In Metro Vancouver, about five percent of our municipal solid waste is textiles. That’s about 40,000 metric tonnes.


Textiles can have a second life if they’re given to a sorter-grader, where they’re sorted into one of 400-some categories. According to a 2018 report called “Unravelling the Problem of Apparel Waste in the Greater Vancouver Area,” the six largest of these companies in the Vancouver area estimate that about half of what they process goes to global reuse markets, 20 per cent gets repurposed as rags, another 20 per cent goes to textile recycling markets and just 10 per cent is disposed.

But fast fashion is even eroding the quality of textiles and materials collected by sorter-graders.

Gathering material

Yao collects materials when she has the space. She has yet to run out of fabric, but has gotten creative when it comes to sewing accessories like buckles, clips, zippers and buttons.


While the pandemic interrupted usual supply lines for creators, Yao was unaffected. When she ran out of Gore-Tex to create heavy-duty shower caps, she just started using other waterproof materials and seam-sealing them.


Of the products she creates, she is perhaps most well-known for her yoga bolsters and eco food wraps.

No two products are ever the same. Such is the game played when using available materials: donated, thrifted and the ends of fabric rolls. To date, she’s created 70 yoga bolsters – essentially a firm cylindrical pillow. The interior is stuffed with tiny bits of fabric too small to be of use other than stuffing. Even the zippers are rescued from other products including discarded backpacks.


Yao estimates her bolsters alone have redirected more than 450 pounds of textile waste into a usable product.


Yao seems happiest creating. But while she likes keeping her hands busy, she acknowledges that she doesn’t want to make excess. It’s why she doesn’t have any stock on hand.


However, design can be more challenging if using limited materials. If a customer asks for a certain item in a specific fabric that Yao might have a limited quantity of, the pressure is on.
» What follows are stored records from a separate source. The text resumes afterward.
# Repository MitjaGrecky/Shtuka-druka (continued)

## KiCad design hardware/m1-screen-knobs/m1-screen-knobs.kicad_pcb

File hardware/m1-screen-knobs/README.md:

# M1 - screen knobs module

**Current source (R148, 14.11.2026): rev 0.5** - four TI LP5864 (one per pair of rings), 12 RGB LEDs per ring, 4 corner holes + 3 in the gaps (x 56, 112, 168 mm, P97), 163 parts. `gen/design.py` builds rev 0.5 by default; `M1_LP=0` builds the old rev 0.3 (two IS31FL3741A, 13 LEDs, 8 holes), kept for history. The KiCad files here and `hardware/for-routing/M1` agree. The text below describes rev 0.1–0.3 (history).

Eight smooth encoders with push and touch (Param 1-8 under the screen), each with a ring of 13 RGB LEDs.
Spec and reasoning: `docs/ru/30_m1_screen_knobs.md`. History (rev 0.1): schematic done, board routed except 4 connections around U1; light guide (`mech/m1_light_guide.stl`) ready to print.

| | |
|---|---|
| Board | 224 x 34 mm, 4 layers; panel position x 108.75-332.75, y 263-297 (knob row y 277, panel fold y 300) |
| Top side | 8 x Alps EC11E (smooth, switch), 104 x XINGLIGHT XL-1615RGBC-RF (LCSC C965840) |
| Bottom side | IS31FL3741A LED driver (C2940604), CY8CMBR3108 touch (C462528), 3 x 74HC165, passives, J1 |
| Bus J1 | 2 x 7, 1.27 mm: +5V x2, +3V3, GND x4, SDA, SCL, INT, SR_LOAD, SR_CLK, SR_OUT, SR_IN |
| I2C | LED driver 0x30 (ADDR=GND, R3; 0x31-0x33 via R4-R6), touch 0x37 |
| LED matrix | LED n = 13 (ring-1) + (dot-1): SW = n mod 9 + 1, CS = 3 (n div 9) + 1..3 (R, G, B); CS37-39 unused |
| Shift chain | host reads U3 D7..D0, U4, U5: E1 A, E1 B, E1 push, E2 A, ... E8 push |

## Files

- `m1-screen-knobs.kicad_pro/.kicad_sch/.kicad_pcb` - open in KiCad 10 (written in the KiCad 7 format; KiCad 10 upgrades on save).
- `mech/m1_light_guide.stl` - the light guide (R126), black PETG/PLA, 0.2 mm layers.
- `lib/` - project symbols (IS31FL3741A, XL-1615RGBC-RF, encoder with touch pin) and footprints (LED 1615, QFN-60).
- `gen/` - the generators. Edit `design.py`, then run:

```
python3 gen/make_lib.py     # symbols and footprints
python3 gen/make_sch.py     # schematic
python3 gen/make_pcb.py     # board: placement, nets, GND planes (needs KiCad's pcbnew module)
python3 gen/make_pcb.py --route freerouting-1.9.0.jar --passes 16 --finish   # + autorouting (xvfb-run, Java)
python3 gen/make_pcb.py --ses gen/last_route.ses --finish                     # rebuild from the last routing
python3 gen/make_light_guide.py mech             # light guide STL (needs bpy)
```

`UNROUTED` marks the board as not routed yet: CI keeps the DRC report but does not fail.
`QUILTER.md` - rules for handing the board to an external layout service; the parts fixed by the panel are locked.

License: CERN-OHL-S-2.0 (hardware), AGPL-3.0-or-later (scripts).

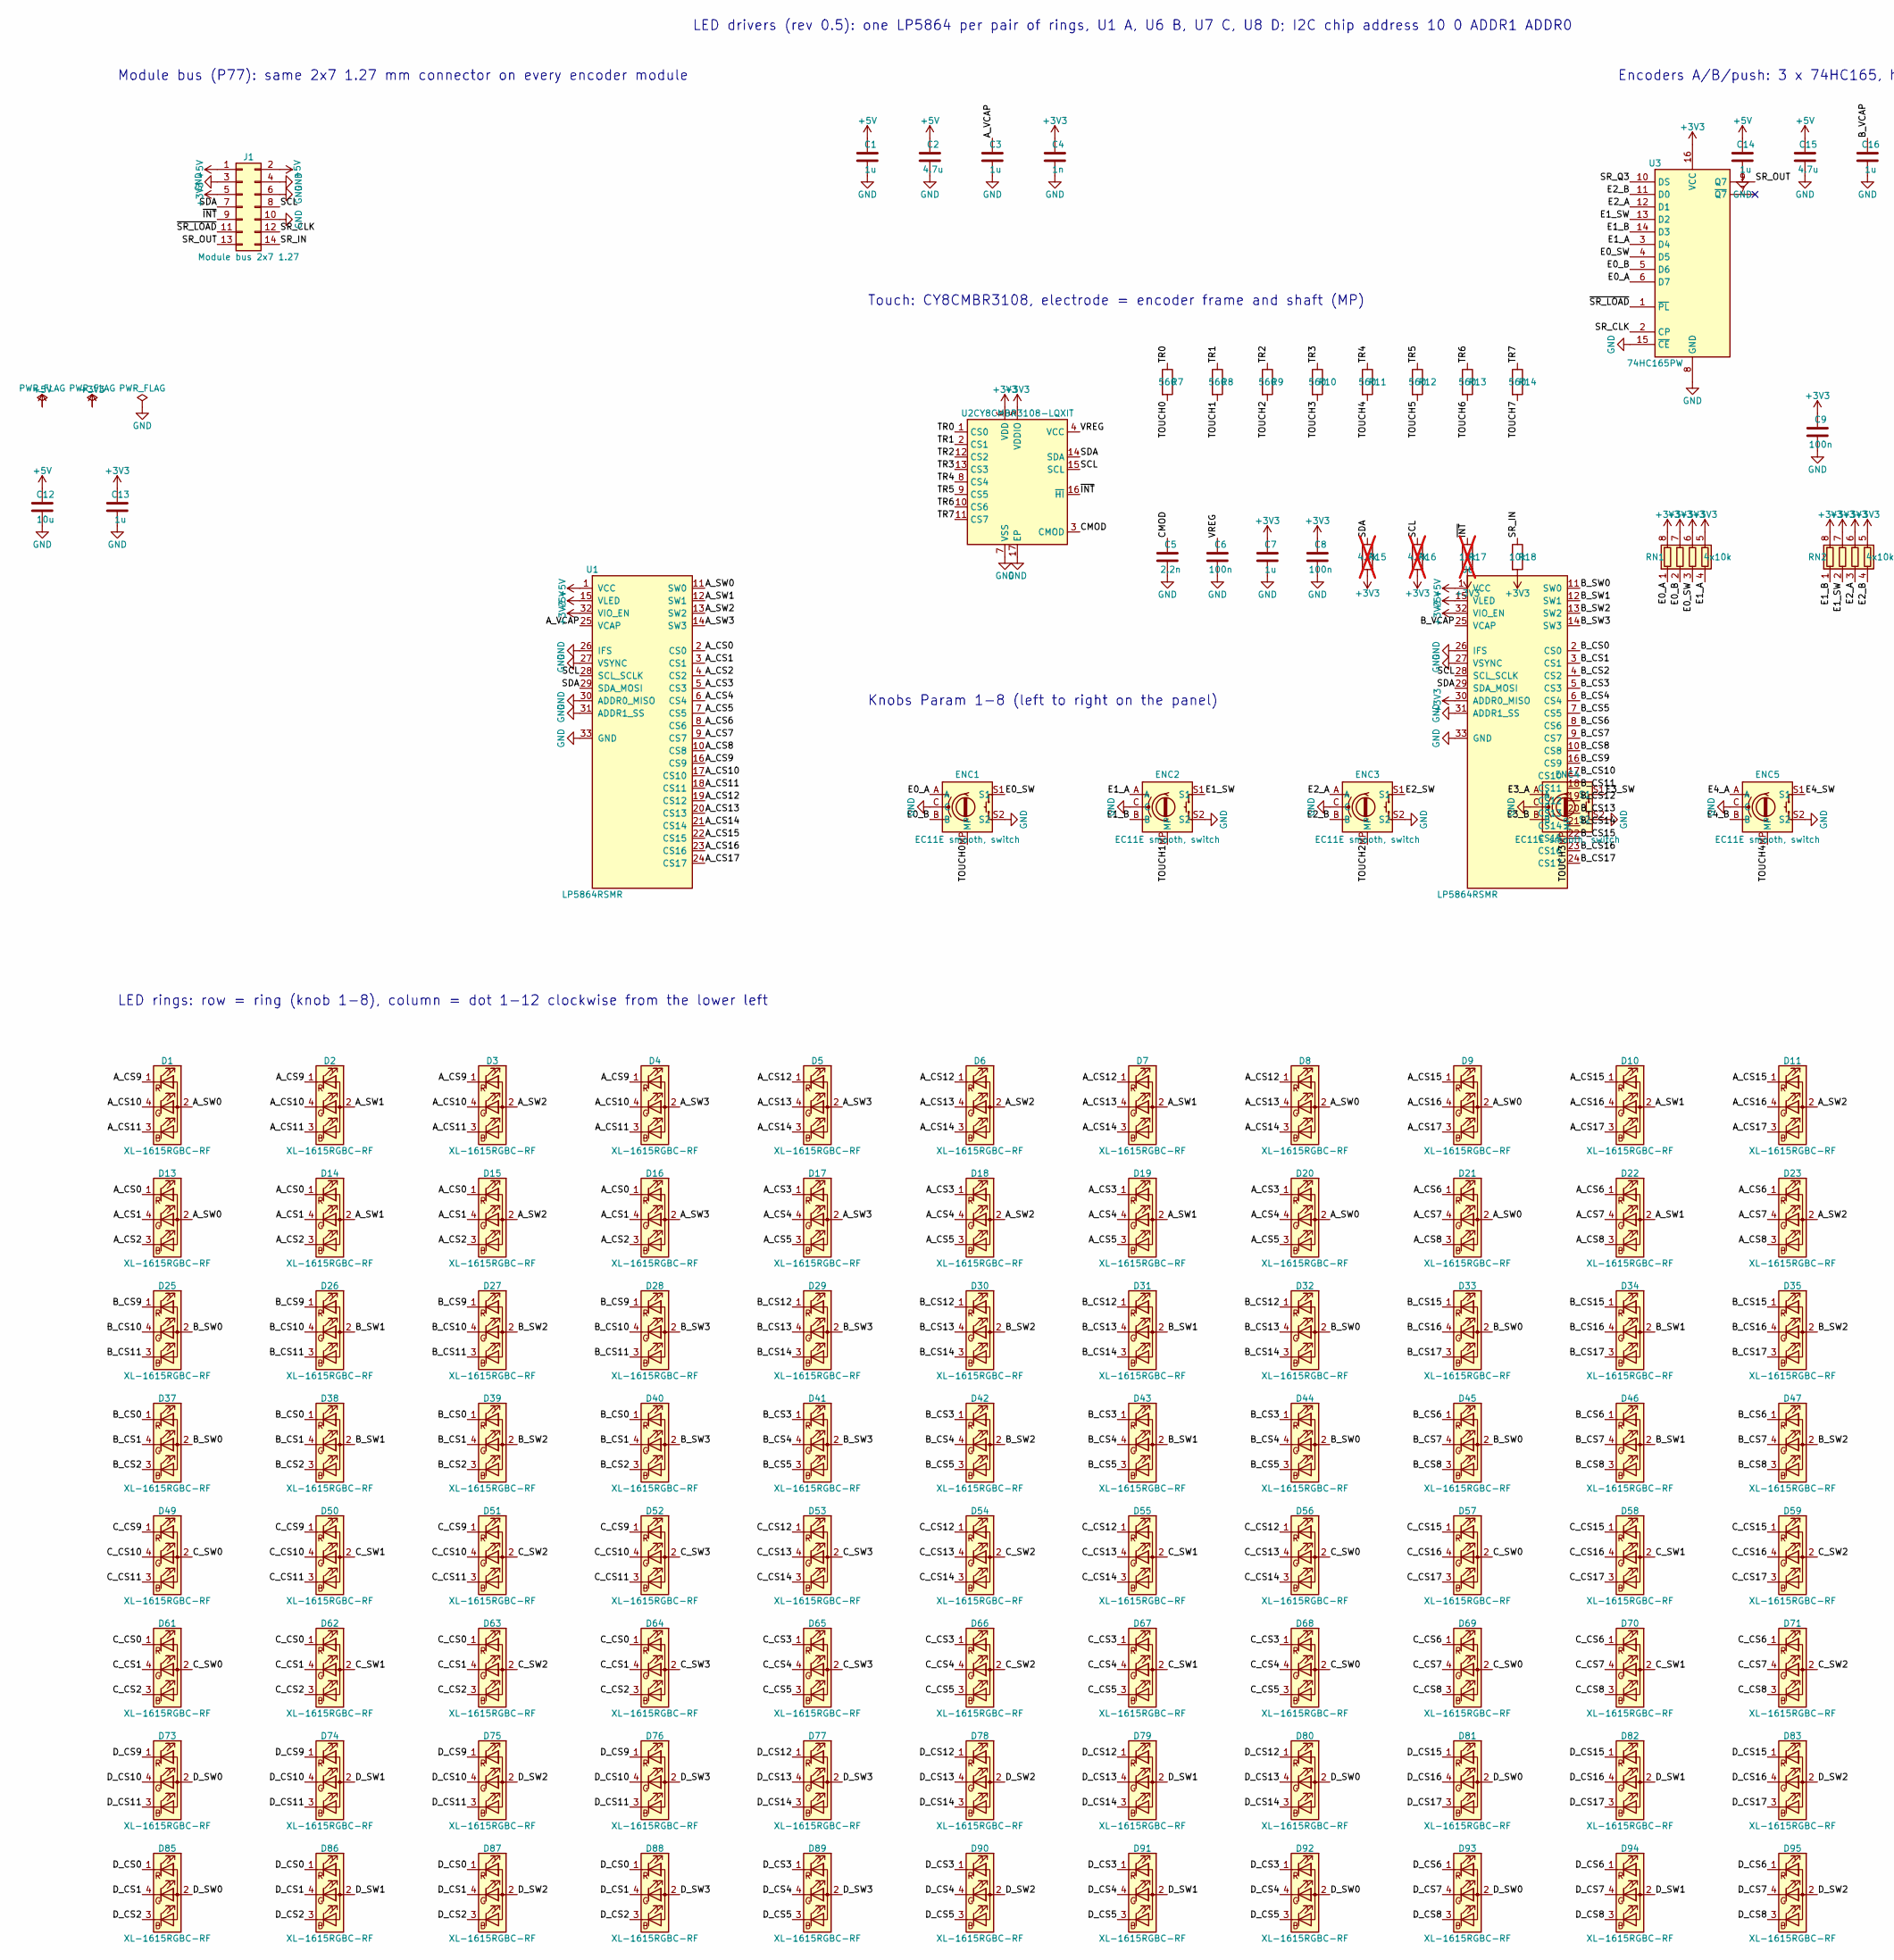
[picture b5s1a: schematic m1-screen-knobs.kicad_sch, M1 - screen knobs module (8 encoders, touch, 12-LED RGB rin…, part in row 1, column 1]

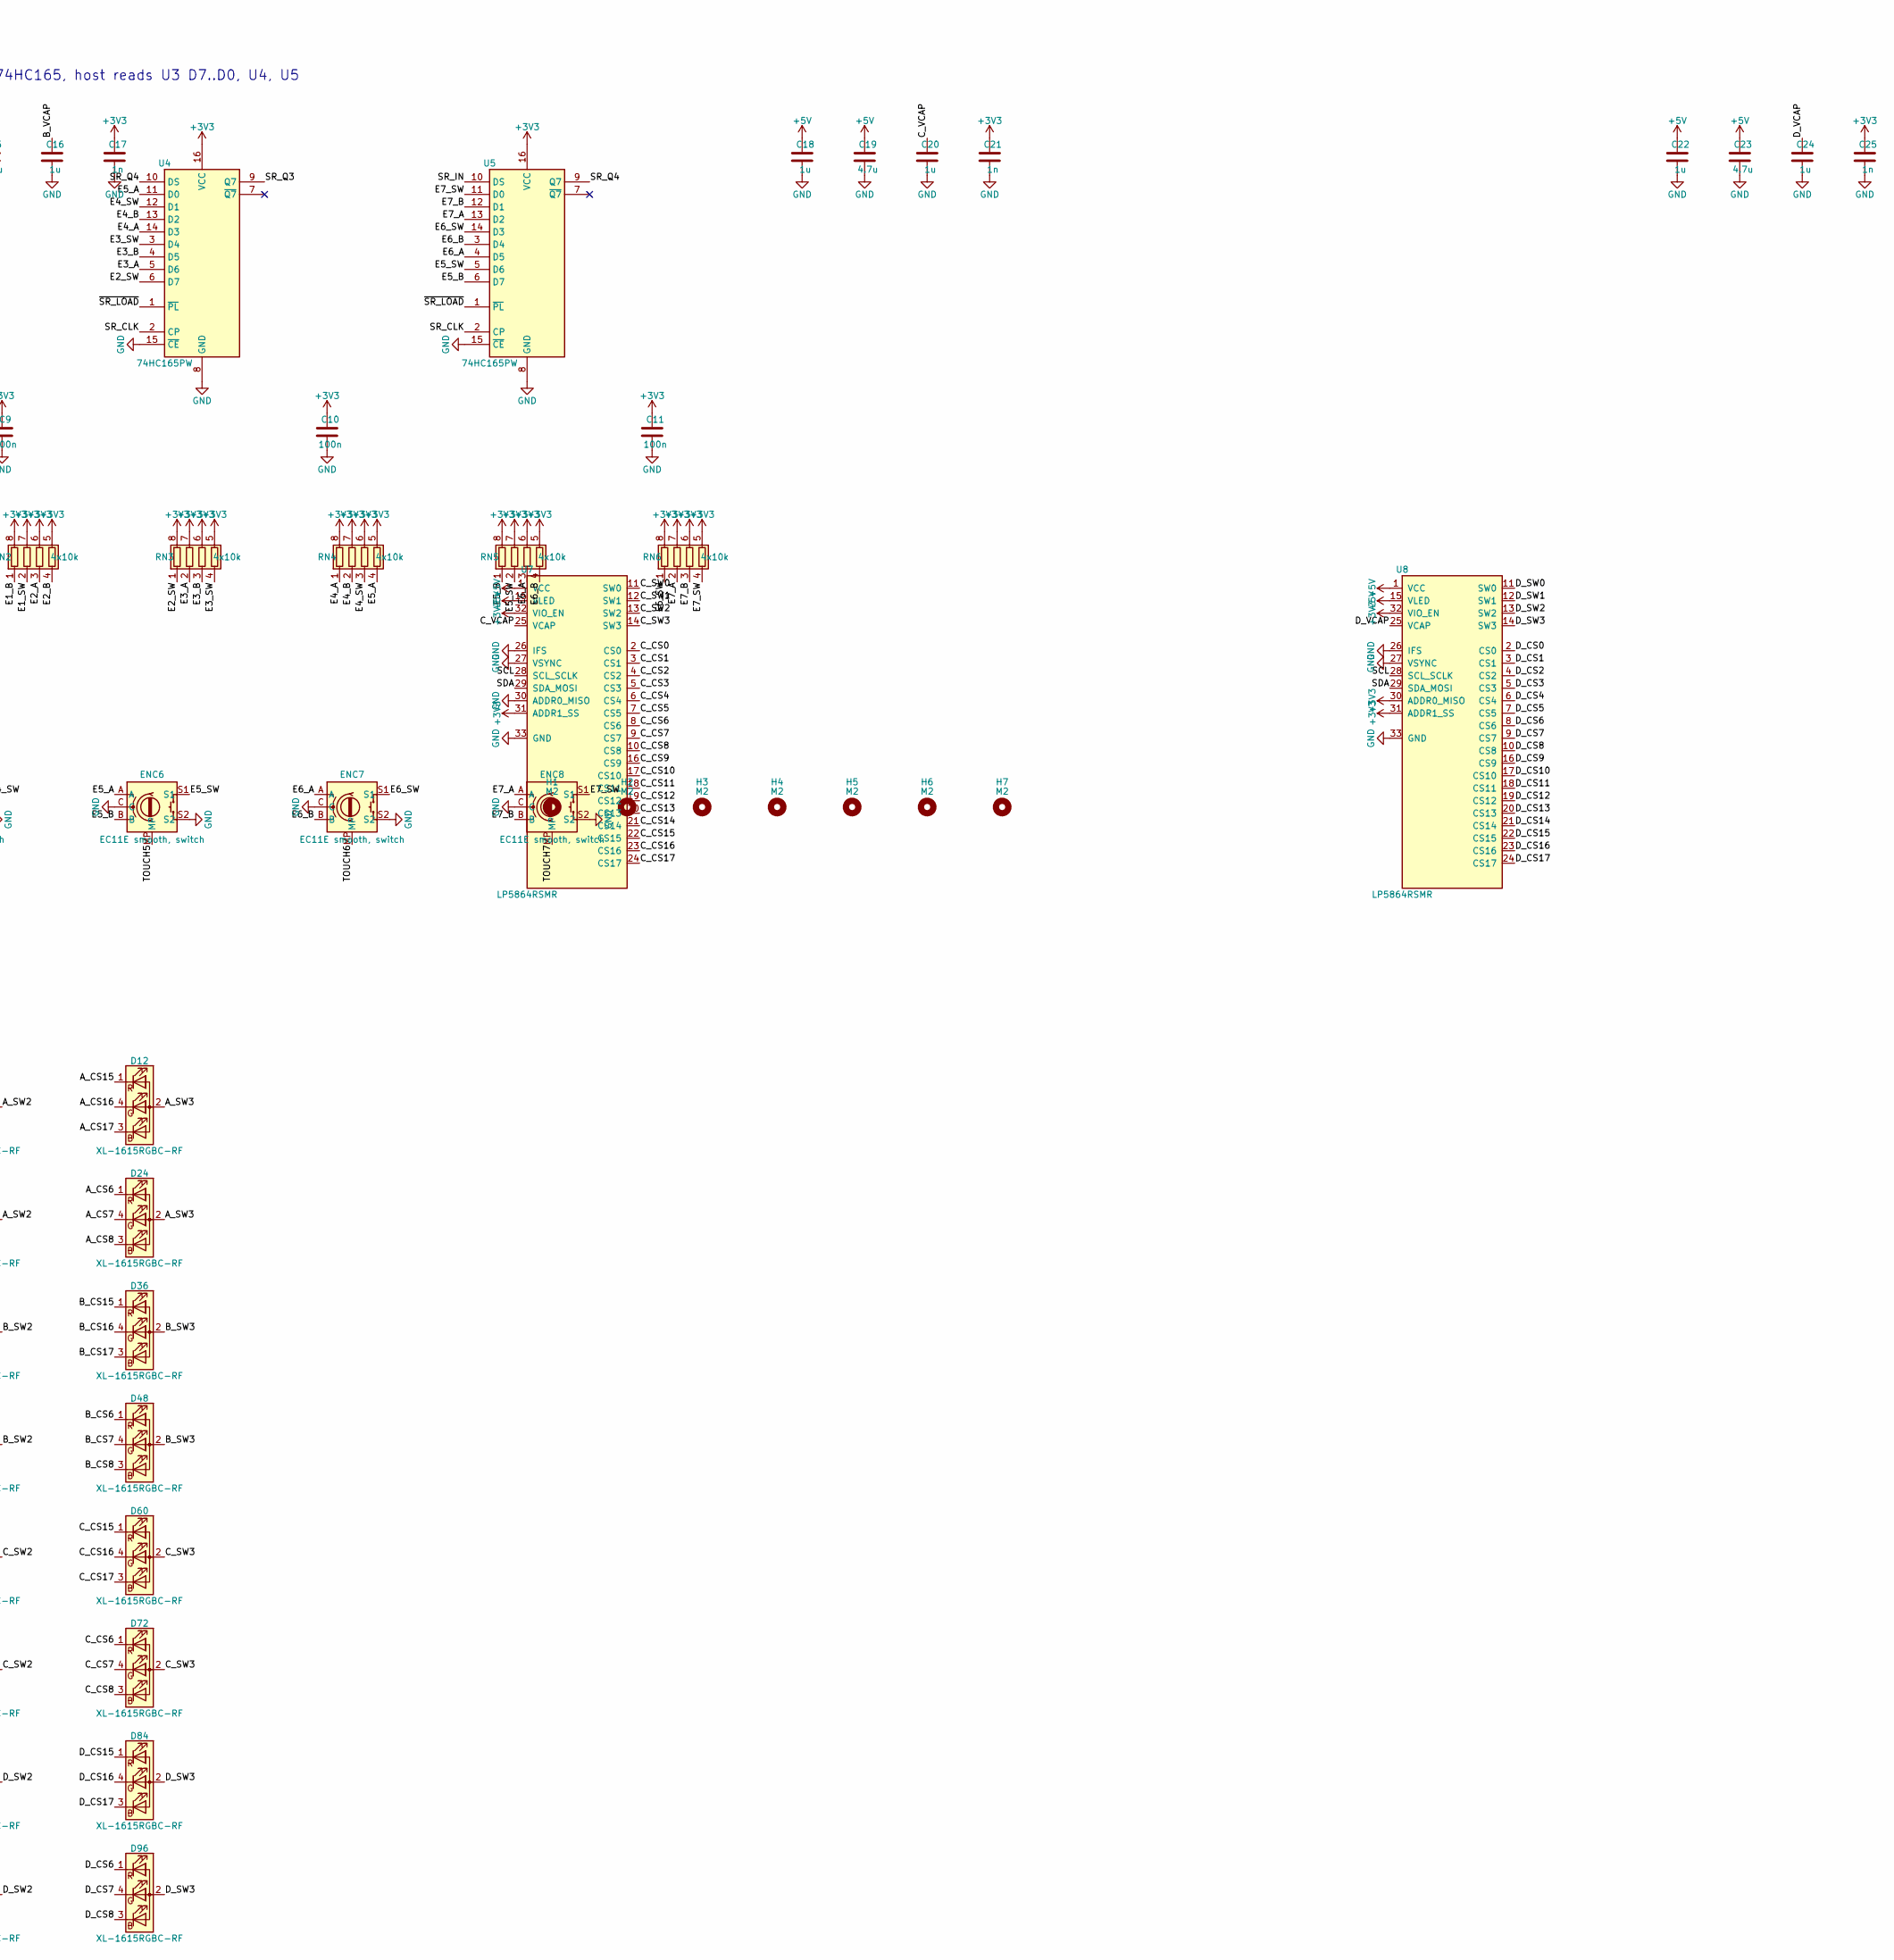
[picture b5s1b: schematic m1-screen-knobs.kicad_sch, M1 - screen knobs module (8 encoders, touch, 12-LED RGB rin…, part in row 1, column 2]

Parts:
C1, C3, C7, C13, C14, C16, C18, C20, C22, C24: 1u; C_0402_1005Metric
C2, C15, C19, C23: 4.7u; C_0805_2012Metric
C4, C17, C21, C25: 1n; C_0402_1005Metric
C5: 2.2n; C_0402_1005Metric
C6, C8, C9, C10, C11: 100n; C_0402_1005Metric
C12: 10u; C_0805_2012Metric
D1, D2, D3, D4, D5, D6, D7, D8, D9, D10, D11, D12, D13, D14, D15, D16, D17, D18, D19, D20, D21, D22, D23, D24, D25, D26, D27, D28, D29, D30, D31, D32, D33, D34, D35, D36, D37, D38, D39, D40, D41, D42, D43, D44, D45, D46, D47, D48, D49, D50, D51, D52, D53, D54, D55, D56, D57, D58, D59, D60, D61, D62, D63, D64, D65, D66, D67, D68, D69, D70, D71, D72, D73, D74, D75, D76, D77, D78, D79, D80, D81, D82, D83, D84, D85, D86, D87, D88, D89, D90, D91, D92, D93, D94, D95, D96: XL-1615RGBC-RF; LED_RGB_XL-1615RGBC_1.6x1.5mm; LCSC C965840
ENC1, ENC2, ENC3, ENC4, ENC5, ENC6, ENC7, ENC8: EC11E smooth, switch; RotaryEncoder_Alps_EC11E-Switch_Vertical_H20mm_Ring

“In the back of my mind, I’m like I don’t want to mess this up,’ she says. “If I mess that up, I can’t get more of it.”


It also means that Yao isn’t producing in bulk. She’ll keep her raw materials until someone puts in an order, either inspired by one of her prototypes, or their own design challenge.

As a problem-solver, she enjoys creating custom products.

“I can’t just sit there and sew the same thing over and over. It’s not what I want to do,” she says. “I just enjoy the process of creating. I think that’s the fun part for me.”